(Records from a dataset)
%%

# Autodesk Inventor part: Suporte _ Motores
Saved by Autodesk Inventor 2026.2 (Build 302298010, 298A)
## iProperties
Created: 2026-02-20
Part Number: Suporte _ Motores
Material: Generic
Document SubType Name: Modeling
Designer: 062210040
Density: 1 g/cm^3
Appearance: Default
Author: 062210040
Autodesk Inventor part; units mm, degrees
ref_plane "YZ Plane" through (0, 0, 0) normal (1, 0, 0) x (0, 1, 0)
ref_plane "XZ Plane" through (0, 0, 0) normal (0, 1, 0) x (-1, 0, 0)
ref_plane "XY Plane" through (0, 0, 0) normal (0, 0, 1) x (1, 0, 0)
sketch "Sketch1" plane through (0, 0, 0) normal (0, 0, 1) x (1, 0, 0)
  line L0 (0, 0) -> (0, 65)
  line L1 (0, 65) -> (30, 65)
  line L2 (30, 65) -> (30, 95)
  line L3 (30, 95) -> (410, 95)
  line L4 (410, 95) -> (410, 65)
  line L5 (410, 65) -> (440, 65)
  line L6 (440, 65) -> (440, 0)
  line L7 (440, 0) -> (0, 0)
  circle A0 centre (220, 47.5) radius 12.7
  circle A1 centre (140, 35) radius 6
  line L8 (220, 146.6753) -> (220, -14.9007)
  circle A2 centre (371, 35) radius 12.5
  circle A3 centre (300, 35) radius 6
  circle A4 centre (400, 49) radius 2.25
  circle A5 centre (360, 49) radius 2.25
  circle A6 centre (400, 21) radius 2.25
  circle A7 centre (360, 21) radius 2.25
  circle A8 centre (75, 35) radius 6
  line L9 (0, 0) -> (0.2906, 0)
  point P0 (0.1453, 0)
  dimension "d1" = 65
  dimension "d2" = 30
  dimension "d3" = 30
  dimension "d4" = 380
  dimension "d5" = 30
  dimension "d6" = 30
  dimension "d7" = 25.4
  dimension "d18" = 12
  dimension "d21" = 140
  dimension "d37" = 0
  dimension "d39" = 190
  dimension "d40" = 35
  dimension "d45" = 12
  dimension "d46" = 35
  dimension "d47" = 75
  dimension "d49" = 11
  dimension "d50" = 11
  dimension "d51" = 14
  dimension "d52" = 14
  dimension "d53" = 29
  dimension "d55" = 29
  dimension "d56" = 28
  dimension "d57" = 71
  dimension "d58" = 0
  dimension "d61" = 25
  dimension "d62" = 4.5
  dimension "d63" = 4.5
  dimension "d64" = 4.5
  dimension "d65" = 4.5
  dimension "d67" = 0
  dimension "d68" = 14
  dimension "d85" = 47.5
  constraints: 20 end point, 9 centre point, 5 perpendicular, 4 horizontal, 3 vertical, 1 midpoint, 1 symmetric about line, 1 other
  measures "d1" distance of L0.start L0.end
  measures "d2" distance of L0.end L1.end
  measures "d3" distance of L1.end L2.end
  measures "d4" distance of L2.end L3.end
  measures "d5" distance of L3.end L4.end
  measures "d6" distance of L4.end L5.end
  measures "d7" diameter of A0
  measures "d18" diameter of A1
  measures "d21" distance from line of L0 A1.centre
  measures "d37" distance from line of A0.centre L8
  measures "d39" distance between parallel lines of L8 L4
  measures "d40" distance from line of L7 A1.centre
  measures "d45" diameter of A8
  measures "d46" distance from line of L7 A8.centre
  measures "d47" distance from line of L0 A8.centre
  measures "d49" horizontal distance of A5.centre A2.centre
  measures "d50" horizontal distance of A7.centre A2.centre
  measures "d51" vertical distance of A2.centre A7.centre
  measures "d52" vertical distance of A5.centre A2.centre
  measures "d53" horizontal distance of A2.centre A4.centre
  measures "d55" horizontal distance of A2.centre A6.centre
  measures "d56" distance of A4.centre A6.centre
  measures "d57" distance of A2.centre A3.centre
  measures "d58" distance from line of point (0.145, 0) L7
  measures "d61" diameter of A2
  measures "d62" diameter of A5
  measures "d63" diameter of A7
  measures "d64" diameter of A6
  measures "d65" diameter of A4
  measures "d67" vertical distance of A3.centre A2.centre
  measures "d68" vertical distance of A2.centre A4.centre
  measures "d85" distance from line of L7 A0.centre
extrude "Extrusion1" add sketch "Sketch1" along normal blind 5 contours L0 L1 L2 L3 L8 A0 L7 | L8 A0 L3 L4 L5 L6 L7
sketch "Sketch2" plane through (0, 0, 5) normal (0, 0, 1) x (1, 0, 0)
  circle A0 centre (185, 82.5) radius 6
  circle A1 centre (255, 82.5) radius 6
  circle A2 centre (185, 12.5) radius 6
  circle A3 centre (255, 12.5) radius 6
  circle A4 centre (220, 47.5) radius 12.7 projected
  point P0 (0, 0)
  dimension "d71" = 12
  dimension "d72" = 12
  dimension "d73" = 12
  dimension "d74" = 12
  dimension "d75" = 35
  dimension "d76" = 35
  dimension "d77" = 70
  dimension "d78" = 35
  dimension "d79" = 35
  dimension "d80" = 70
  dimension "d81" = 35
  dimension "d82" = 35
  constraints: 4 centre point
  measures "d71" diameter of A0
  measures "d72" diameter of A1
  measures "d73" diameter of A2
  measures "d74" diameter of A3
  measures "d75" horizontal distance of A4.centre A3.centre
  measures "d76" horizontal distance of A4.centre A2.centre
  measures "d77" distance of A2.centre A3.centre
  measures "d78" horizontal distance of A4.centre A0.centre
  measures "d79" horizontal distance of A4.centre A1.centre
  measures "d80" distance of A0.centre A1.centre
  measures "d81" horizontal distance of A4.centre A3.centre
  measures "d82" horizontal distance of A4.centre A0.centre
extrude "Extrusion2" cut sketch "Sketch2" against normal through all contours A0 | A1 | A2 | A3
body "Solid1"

%%

#### TO DO
Each record above is to be reproduced exactly, in full.

#### SOLVED EXERCISE
# Autodesk Inventor part: Suporte _ Motores
Saved by Autodesk Inventor 2026.2 (Build 302298010, 298A)
## iProperties
Created: 2026-02-20
Part Number: Suporte _ Motores
Material: Generic
Document SubType Name: Modeling
Designer: 062210040
Density: 1 g/cm^3
Appearance: Default
Author: 062210040
Autodesk Inventor part; units mm, degrees
ref_plane "YZ Plane" through (0, 0, 0) normal (1, 0, 0) x (0, 1, 0)
ref_plane "XZ Plane" through (0, 0, 0) normal (0, 1, 0) x (-1, 0, 0)
ref_plane "XY Plane" through (0, 0, 0) normal (0, 0, 1) x (1, 0, 0)
sketch "Sketch1" plane through (0, 0, 0) normal (0, 0, 1) x (1, 0, 0)
  line L0 (0, 0) -> (0, 65)
  line L1 (0, 65) -> (30, 65)
  line L2 (30, 65) -> (30, 95)
  line L3 (30, 95) -> (410, 95)
  line L4 (410, 95) -> (410, 65)
  line L5 (410, 65) -> (440, 65)
  line L6 (440, 65) -> (440, 0)
  line L7 (440, 0) -> (0, 0)
  circle A0 centre (220, 47.5) radius 12.7
  circle A1 centre (140, 35) radius 6
  line L8 (220, 146.6753) -> (220, -14.9007)
  circle A2 centre (371, 35) radius 12.5
  circle A3 centre (300, 35) radius 6
  circle A4 centre (400, 49) radius 2.25
  circle A5 centre (360, 49) radius 2.25
  circle A6 centre (400, 21) radius 2.25
  circle A7 centre (360, 21) radius 2.25
  circle A8 centre (75, 35) radius 6
  line L9 (0, 0) -> (0.2906, 0)
  point P0 (0.1453, 0)
  dimension "d1" = 65
  dimension "d2" = 30
  dimension "d3" = 30
  dimension "d4" = 380
  dimension "d5" = 30
  dimension "d6" = 30
  dimension "d7" = 25.4
  dimension "d18" = 12
  dimension "d21" = 140
  dimension "d37" = 0
  dimension "d39" = 190
  dimension "d40" = 35
  dimension "d45" = 12
  dimension "d46" = 35
  dimension "d47" = 75
  dimension "d49" = 11
  dimension "d50" = 11
  dimension "d51" = 14
  dimension "d52" = 14
  dimension "d53" = 29
  dimension "d55" = 29
  dimension "d56" = 28
  dimension "d57" = 71
  dimension "d58" = 0
  dimension "d61" = 25
  dimension "d62" = 4.5
  dimension "d63" = 4.5
  dimension "d64" = 4.5
  dimension "d65" = 4.5
  dimension "d67" = 0
  dimension "d68" = 14
  dimension "d85" = 47.5
  constraints: 20 end point, 9 centre point, 5 perpendicular, 4 horizontal, 3 vertical, 1 midpoint, 1 symmetric about line, 1 other
  measures "d1" distance of L0.start L0.end
  measures "d2" distance of L0.end L1.end
  measures "d3" distance of L1.end L2.end
  measures "d4" distance of L2.end L3.end
  measures "d5" distance of L3.end L4.end
  measures "d6" distance of L4.end L5.end
  measures "d7" diameter of A0
  measures "d18" diameter of A1
  measures "d21" distance from line of L0 A1.centre
  measures "d37" distance from line of A0.centre L8
  measures "d39" distance between parallel lines of L8 L4
  measures "d40" distance from line of L7 A1.centre
  measures "d45" diameter of A8
  measures "d46" distance from line of L7 A8.centre
  measures "d47" distance from line of L0 A8.centre
  measures "d49" horizontal distance of A5.centre A2.centre
  measures "d50" horizontal distance of A7.centre A2.centre
  measures "d51" vertical distance of A2.centre A7.centre
  measures "d52" vertical distance of A5.centre A2.centre
  measures "d53" horizontal distance of A2.centre A4.centre
  measures "d55" horizontal distance of A2.centre A6.centre
  measures "d56" distance of A4.centre A6.centre
  measures "d57" distance of A2.centre A3.centre
  measures "d58" distance from line of point (0.145, 0) L7
  measures "d61" diameter of A2
  measures "d62" diameter of A5
  measures "d63" diameter of A7
  measures "d64" diameter of A6
  measures "d65" diameter of A4
  measures "d67" vertical distance of A3.centre A2.centre
  measures "d68" vertical distance of A2.centre A4.centre
  measures "d85" distance from line of L7 A0.centre
extrude "Extrusion1" add sketch "Sketch1" along normal blind 5 contours L0 L1 L2 L3 L8 A0 L7 | L8 A0 L3 L4 L5 L6 L7
sketch "Sketch2" plane through (0, 0, 5) normal (0, 0, 1) x (1, 0, 0)
  circle A0 centre (185, 82.5) radius 6
  circle A1 centre (255, 82.5) radius 6
  circle A2 centre (185, 12.5) radius 6
  circle A3 centre (255, 12.5) radius 6
  circle A4 centre (220, 47.5) radius 12.7 projected
  point P0 (0, 0)
  dimension "d71" = 12
  dimension "d72" = 12
  dimension "d73" = 12
  dimension "d74" = 12
  dimension "d75" = 35
  dimension "d76" = 35
  dimension "d77" = 70
  dimension "d78" = 35
  dimension "d79" = 35
  dimension "d80" = 70
  dimension "d81" = 35
  dimension "d82" = 35
  constraints: 4 centre point
  measures "d71" diameter of A0
  measures "d72" diameter of A1
  measures "d73" diameter of A2
  measures "d74" diameter of A3
  measures "d75" horizontal distance of A4.centre A3.centre
  measures "d76" horizontal distance of A4.centre A2.centre
  measures "d77" distance of A2.centre A3.centre
  measures "d78" horizontal distance of A4.centre A0.centre
  measures "d79" horizontal distance of A4.centre A1.centre
  measures "d80" distance of A0.centre A1.centre
  measures "d81" horizontal distance of A4.centre A3.centre
  measures "d82" horizontal distance of A4.centre A0.centre
extrude "Extrusion2" cut sketch "Sketch2" against normal through all contours A0 | A1 | A2 | A3
body "Solid1"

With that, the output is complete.